(Data to examine begins)

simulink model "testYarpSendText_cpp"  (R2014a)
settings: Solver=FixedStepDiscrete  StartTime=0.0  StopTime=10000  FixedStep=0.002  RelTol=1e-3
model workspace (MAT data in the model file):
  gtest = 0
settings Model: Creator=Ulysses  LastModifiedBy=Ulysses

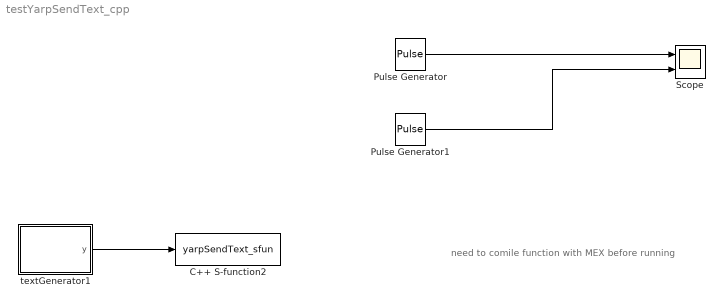
== system testYarpSendText_cpp ==
  note: need to comile function with MEX before running
  C++ S-function2 : S-Function  FunctionName=yarpSendText_sfun  Parameters='/sim/out/smb', '/rs'  EnableBusSupport=off
  Pulse Generator : DiscretePulseGenerator  PulseType=Time based  PulseWidth=5
  Pulse Generator1 : DiscretePulseGenerator  PulseType=Time based  Amplitude=2  PulseWidth=50
  Scope : Scope  NumInputPorts=2
      settings: YMin=-5~-5  YMax=5~5
  textGenerator1 : MATLAB Function  TreatAsAtomicUnit=on
  wires:
  textGenerator1/1(y) -> C++ S-function2/1
  Pulse Generator/1 -> Scope/1
  Pulse Generator1/1 -> Scope/2

== matlab function testYarpSendText_cpp/textGenerator1 ==
  data: y output
function y = fcn()
y = encStr2Arr('test string 2');

(Data to examine ends)

▶ Work order
Give again, word for word, the line containing "model workspace (MAT" and every line after it to the end of the records; leave out the pictures.

▶ Answer box
model workspace (MAT data in the model file):
  gtest = 0
settings Model: Creator=Ulysses  LastModifiedBy=Ulysses

== system testYarpSendText_cpp ==
  note: need to comile function with MEX before running
  C++ S-function2 : S-Function  FunctionName=yarpSendText_sfun  Parameters='/sim/out/smb', '/rs'  EnableBusSupport=off
  Pulse Generator : DiscretePulseGenerator  PulseType=Time based  PulseWidth=5
  Pulse Generator1 : DiscretePulseGenerator  PulseType=Time based  Amplitude=2  PulseWidth=50
  Scope : Scope  NumInputPorts=2
      settings: YMin=-5~-5  YMax=5~5
  textGenerator1 : MATLAB Function  TreatAsAtomicUnit=on
  wires:
  textGenerator1/1(y) -> C++ S-function2/1
  Pulse Generator/1 -> Scope/1
  Pulse Generator1/1 -> Scope/2

== matlab function testYarpSendText_cpp/textGenerator1 ==
  data: y output
function y = fcn()
y = encStr2Arr('test string 2');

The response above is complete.